[[ Data for processing, beginning ]]

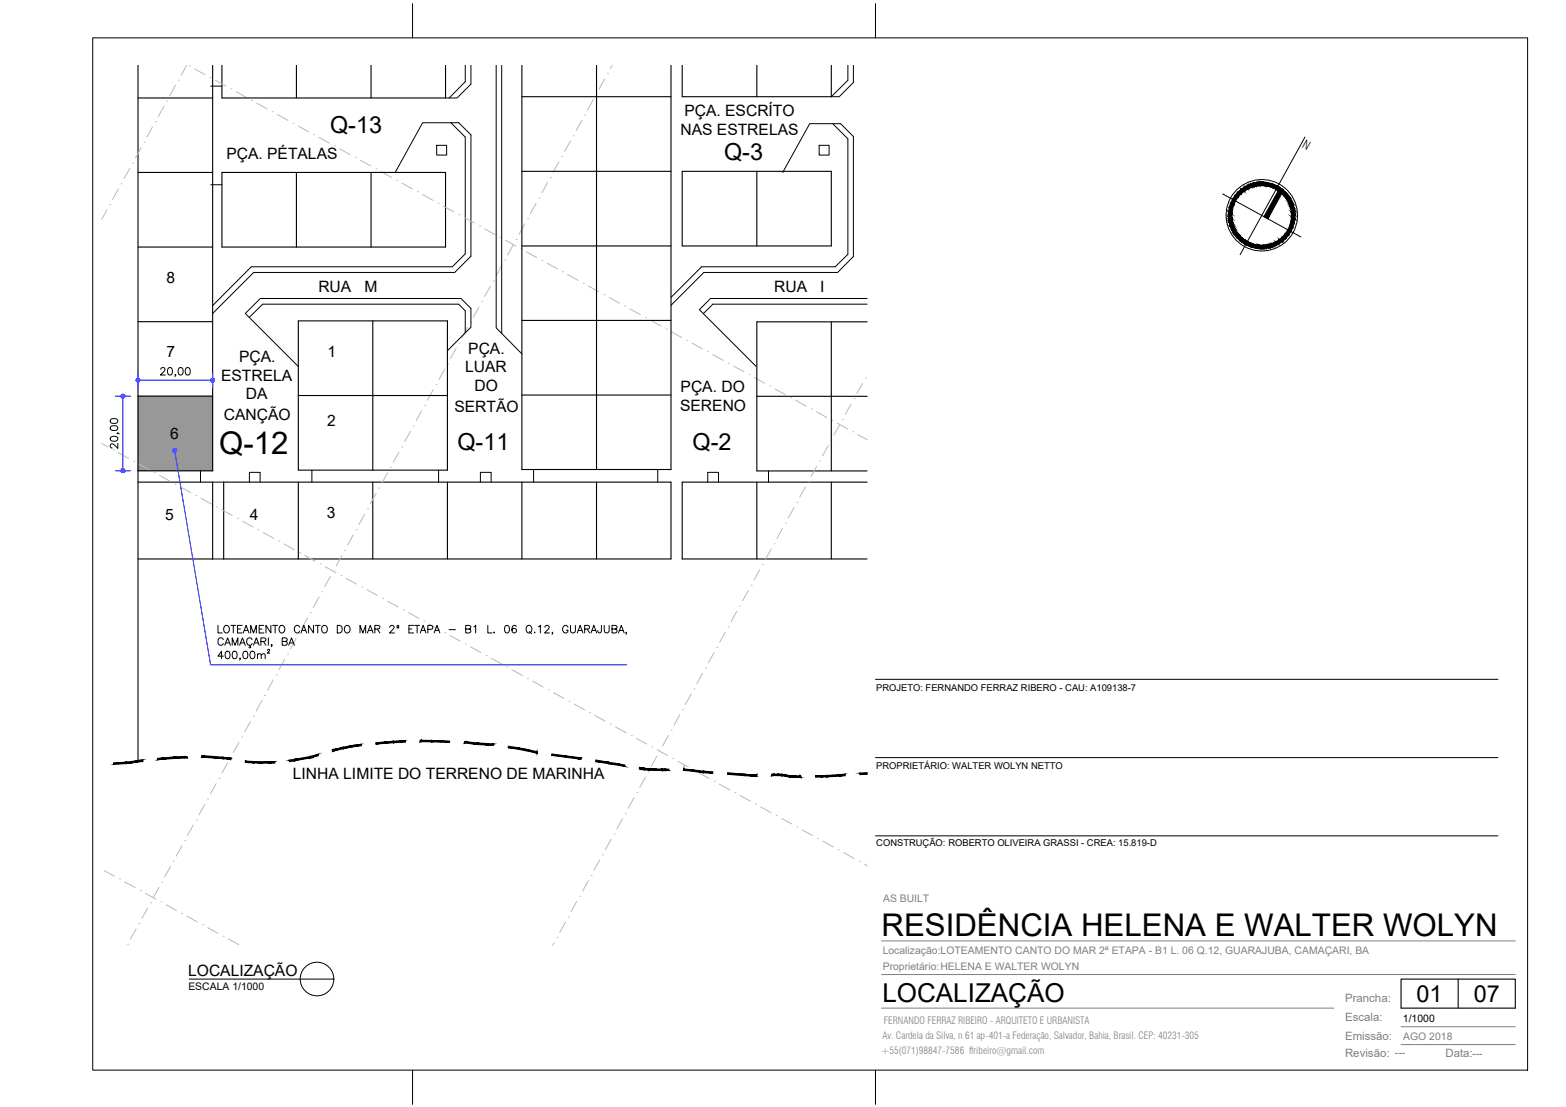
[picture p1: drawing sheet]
<svg xmlns="http://www.w3.org/2000/svg" width="420mm" height="297mm" viewBox="0 0 420 297" stroke-linecap="round" stroke-linejoin="round" font-family="sans-serif">
<!-- layer: ARQ_CINZA 03 -->
<path d="M37 106.3l20.1 20v-20zM37 106.3l20.1 20h-20.1z" fill="#989898" stroke="#989898" stroke-width=".27"/>
<!-- layer: ARQ_LOTES -->
<g fill="none" stroke="#000" stroke-width=".3">
<path d="M37 17.4v108.9M57.1 17.4v108.9h-20.1M59.5 17.4v8.9h60v-8.9M79.5 17.4v8.9M99.6 17.4v8.9M140 17.4v108.6h40v-108.6M160 17.4v108.6M183 17.4v8.6h40v-8.6M203.1 17.4v8.6M37 26.3h20.1M140 26h40M37 46.3h20.1"/>
<path d="M59.5 46.3h60v20h-60zM79.5 46.3v20M99.6 46.3v20M140 46h40M183 46h40v20h-40zM203.1 46v20M37 66.3h20.1M140 66h40M37 86.3h20.1M80 86.1h40v40.1h-40zM100 86.1v40.1M140 86h40"/>
<path d="M223 86.4v40M232.6 86.4h-29.5v40h29.5M37 106.3h20.1M80 106.1h40M140 106h40M203.1 106.3h29.5M37 126.3v78M37 129.4h20.1v20.6h-20.1M60 129.4h120v20.6h-120zM80 129.4v20.6M100 129.4v20.6M120 129.4v20.6"/>
<path d="M140 129.4v20.6M160 129.4v20.6M203.1 129.4v20.6M223 129.4v20.6M232.6 129.4h-49.6v20.6h49.6"/>
</g>
<!-- layer: ARQ_VIAS -->
<g fill="none" stroke="#000" stroke-width=".27">
<path d="M124.8 17.4v4.5l-4.3 4.4M126.4 17.4v5.2l-3.8 3.7h-3.1M133.1 17.4v70.6l6.9 7M134.6 17.4v72.1M227.5 17.4v4.1l-4.5 4.5h2.2l3.8-3.9v-4.7M56.5 23.1h3M117.2 39h2.6v2.6h-2.6zM121 32.9l3.8 3.9v31.3l-3.4 3.5h-54l-10.3 10.4M219.8 39h2.6v2.6h-2.6zM223.4 33.2l4.1 4.1v30.9l-3.4 3.4h-35.9l-8.2 8.2M56.5 49.6h3M106 46.3l7.4-13.4h9.7l3.3 3.3v32.5l-4.4 4.4h-53.9l-11 11"/>
<path d="M210 46.3l7.2-13.1h8.3l3.5 3.4v32.2l-4.3 4.3h-35.9l-8.8 8.8M66.9 85.2l3.6-3.6h52.5l1.8 1.8v5.9M120 94.1l6.4-6.3v-5l-2.7-2.7h-53.9l-4 4 14.2 14.2M232.6 80.1h-42l-3 3 15.3 15.2M232.6 81.6h-41.4l-2.5 2.6M53.8 126.3v3.1M57.1 129.4h2.9M66.9 129.4v-2.7h2.9v2.7M83.7 126.2v3.2M117.7 126.2v3.2M128.9 129.4v-2.7h2.9v2.7M143.2 126v3.4"/>
<path d="M176.5 126v3.4M189.9 129.4v-2.7h2.9v2.7M206.2 126.4v3M57.1 150h2.9"/>
</g>
<!-- layer: ARQ_EIXO CINZA 04 -->
<g fill="none" stroke="#bababa" stroke-width=".27">
<path d="M50.1 17.4l-1.5 2.8M50.8 17.7h.1M52.2 18.5l2.8 1.5M163 19.8h.1M164.3 17.4l-.5 1M37.9 39.6l-1.5 2.8M38.6 38.2h.1M40.9 34l-1.5 2.8M41.7 32.6h.1M44 28.5l-1.5 2.7M44.8 27.1h.1M47.1 22.9l-1.6 2.8"/>
<path d="M47.8 21.5h.1M56.4 20.8h.1M57.8 21.5l2.8 1.6M62 23.8h.1M63.4 24.6l2.7 1.6M67.5 26.9h.1M68.9 27.7l2.8 1.5M73.1 30h.1M74.5 30.7l2.7 1.6M78.6 33.1h.1M80 33.8l2.8 1.5M84.2 36.1h.1"/>
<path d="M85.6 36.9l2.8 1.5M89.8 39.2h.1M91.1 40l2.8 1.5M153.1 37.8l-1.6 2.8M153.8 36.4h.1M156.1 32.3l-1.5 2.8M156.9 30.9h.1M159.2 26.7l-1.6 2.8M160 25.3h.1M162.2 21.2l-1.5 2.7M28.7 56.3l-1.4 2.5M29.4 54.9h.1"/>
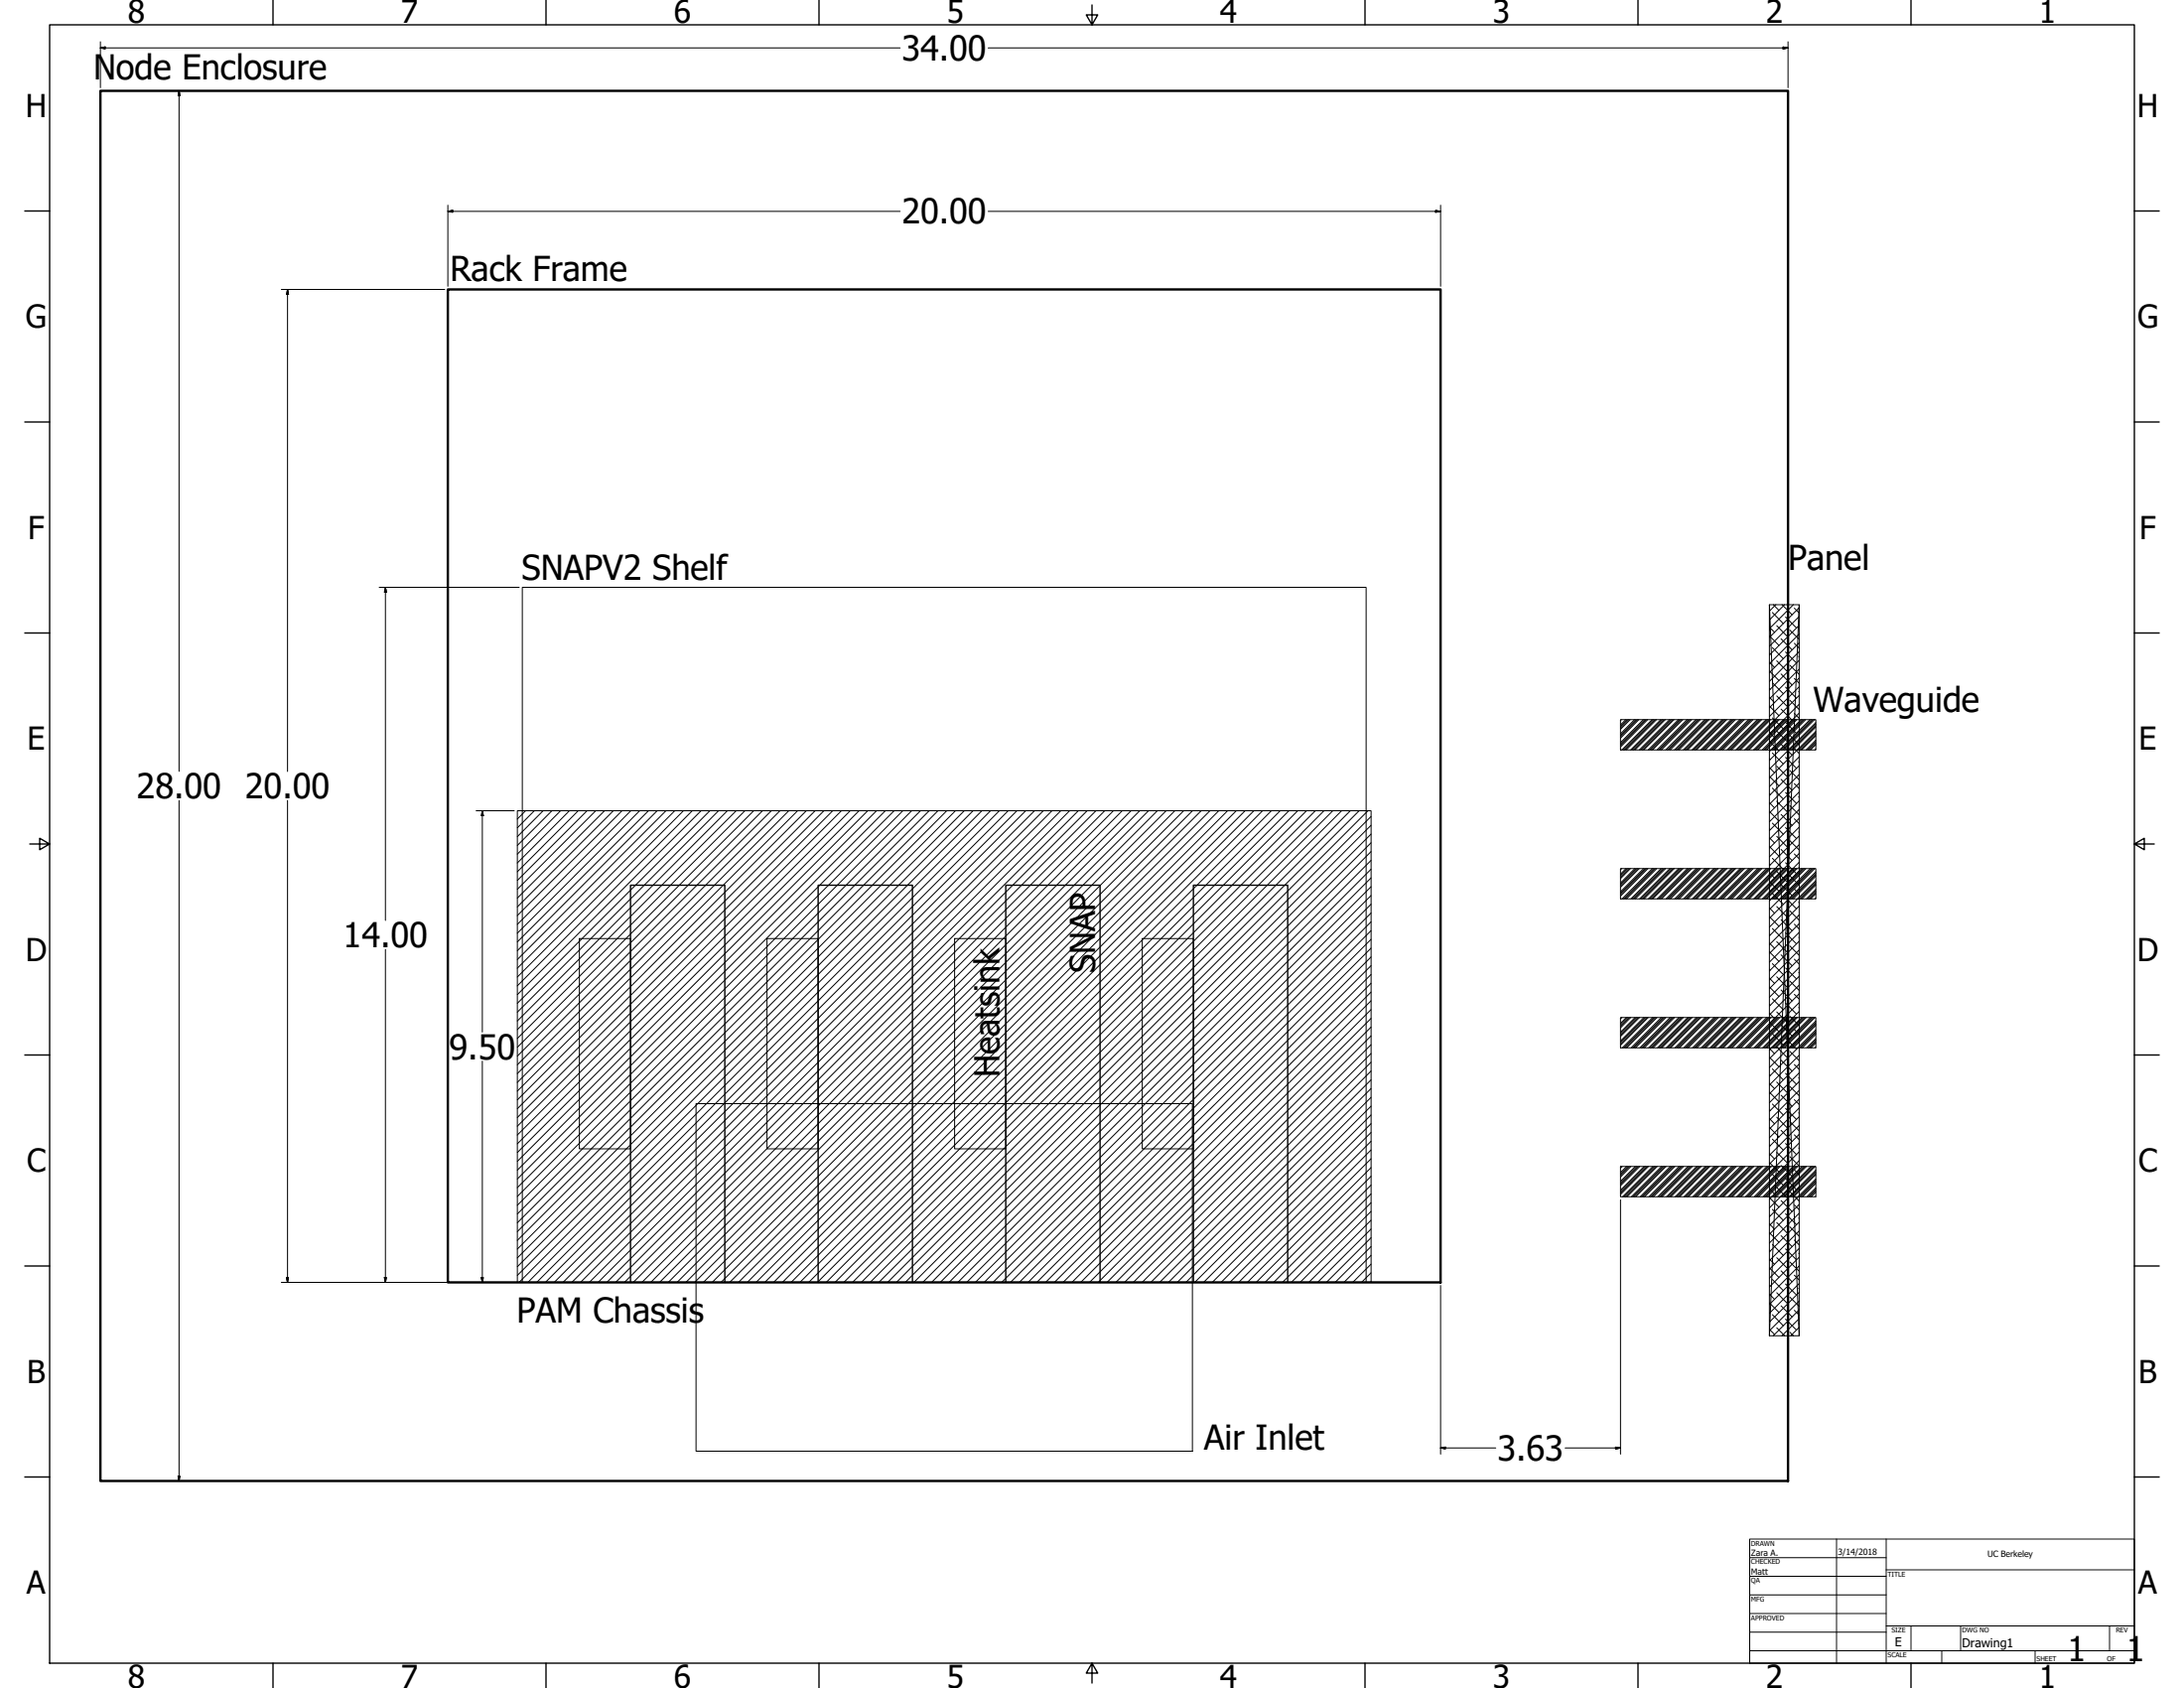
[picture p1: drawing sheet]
<svg xmlns="http://www.w3.org/2000/svg" width="1118mm" height="864mm" viewBox="0 0 1118 864" stroke-linecap="round" stroke-linejoin="round" font-family="sans-serif">
<!-- layer: Hatch (ANSI) -->
<g fill="none" stroke="#000" stroke-width=".51">
<path d="M905 316l1 1M907 313l6 6M907 309l3 3M909 309l-4 4M912 309l5 6M913 309l-8 8M914 316l5 5M918 309l-13 13M918 311l3 3M920 318h1M921 320l-16 15M921 315l-16 16"/>
<path d="M921 311l-16 15M905 339l3 2M905 334l1 1M905 325l5 5M905 321l3 2M907 331l6 6M909 338l6 6M909 320l6 6M911 327l6 5M914 334l5 5M916 322l5 5M918 329l3 3"/>
<path d="M920 336h1M921 338l-16 15M921 333l-16 16M921 329l-16 15M921 324l-16 16M905 357l3 2M905 352l1 1M905 343l5 5M907 349l6 6M909 356l6 6M911 345l6 5M914 352l5 5"/>
<path d="M916 358l5 5M916 340l5 5M918 347l3 3M920 354h1M921 356l-28 28M921 351l-16 16M921 347l-16 15M921 342l-16 16M830 368l-1 1M832 368l-3 3M833 368l-4 4M834 368l-5 5"/>
<path d="M836 368l-7 7M837 368l-8 8M838 368l-9 9M839 368l-10 10M841 368l-12 12M842 368l-13 13M843 368l-14 14M845 368l-15 16M846 368l-15 16M847 368l-16 16M848 368l-16 16M850 368l-16 16"/>
<path d="M851 368l-16 16M851 368l-15 16M852 368l-15 16M854 368l-15 16M855 368l-15 16M856 368l-16 16M857 368l-16 16M859 368l-16 16M860 368l-16 16M860 368l-15 16M861 368l-15 16M863 368l-15 16"/>
<path d="M864 368l-15 16M865 368l-16 16M866 368l-16 16M868 368l-16 16M869 368l-16 16M869 368l-15 16M870 368l-15 16M872 368l-15 16M873 368l-15 16M874 368l-16 16M875 368l-16 16M877 368l-16 16"/>
<path d="M878 368l-16 16M878 368l-15 16M879 368l-15 16M881 368l-15 16M882 368l-15 16M883 368l-16 16M884 368l-16 16M886 368l-16 16M887 368l-16 16M887 368l-15 16M888 368l-15 16M890 368l-15 16"/>
<path d="M891 368l-15 16M892 368l-16 16M893 368l-16 16M895 368l-16 16M896 368l-16 16M896 368l-15 16M897 368l-15 16M899 368l-15 16M900 368l-15 16M901 368l-16 16M902 368l-16 16M904 368l-16 16"/>
<path d="M905 368l-16 16M905 368l-15 16M905 379l5 5M905 375l3 2M905 370l1 1M905 361l5 5M906 368l-15 16M907 367l6 6M909 368l-15 16M909 374l6 6M910 368l-16 16M911 368l-16 16"/>
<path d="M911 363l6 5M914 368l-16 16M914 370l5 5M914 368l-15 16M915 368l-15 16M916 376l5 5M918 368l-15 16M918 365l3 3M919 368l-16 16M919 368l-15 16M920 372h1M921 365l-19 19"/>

[[ Data for processing, end ]]

Work required »
Which lines above run from the one containing "<!-- layer: Hatch (ANSI) -->" down to the one containing "358l5 5M916 340l5"? Repeat exactly those, both ends included, and nothing else.

Result for this exercise »
<!-- layer: Hatch (ANSI) -->
<g fill="none" stroke="#000" stroke-width=".51">
<path d="M905 316l1 1M907 313l6 6M907 309l3 3M909 309l-4 4M912 309l5 6M913 309l-8 8M914 316l5 5M918 309l-13 13M918 311l3 3M920 318h1M921 320l-16 15M921 315l-16 16"/>
<path d="M921 311l-16 15M905 339l3 2M905 334l1 1M905 325l5 5M905 321l3 2M907 331l6 6M909 338l6 6M909 320l6 6M911 327l6 5M914 334l5 5M916 322l5 5M918 329l3 3"/>
<path d="M920 336h1M921 338l-16 15M921 333l-16 16M921 329l-16 15M921 324l-16 16M905 357l3 2M905 352l1 1M905 343l5 5M907 349l6 6M909 356l6 6M911 345l6 5M914 352l5 5"/>
<path d="M916 358l5 5M916 340l5 5M918 347l3 3M920 354h1M921 356l-28 28M921 351l-16 16M921 347l-16 15M921 342l-16 16M830 368l-1 1M832 368l-3 3M833 368l-4 4M834 368l-5 5"/>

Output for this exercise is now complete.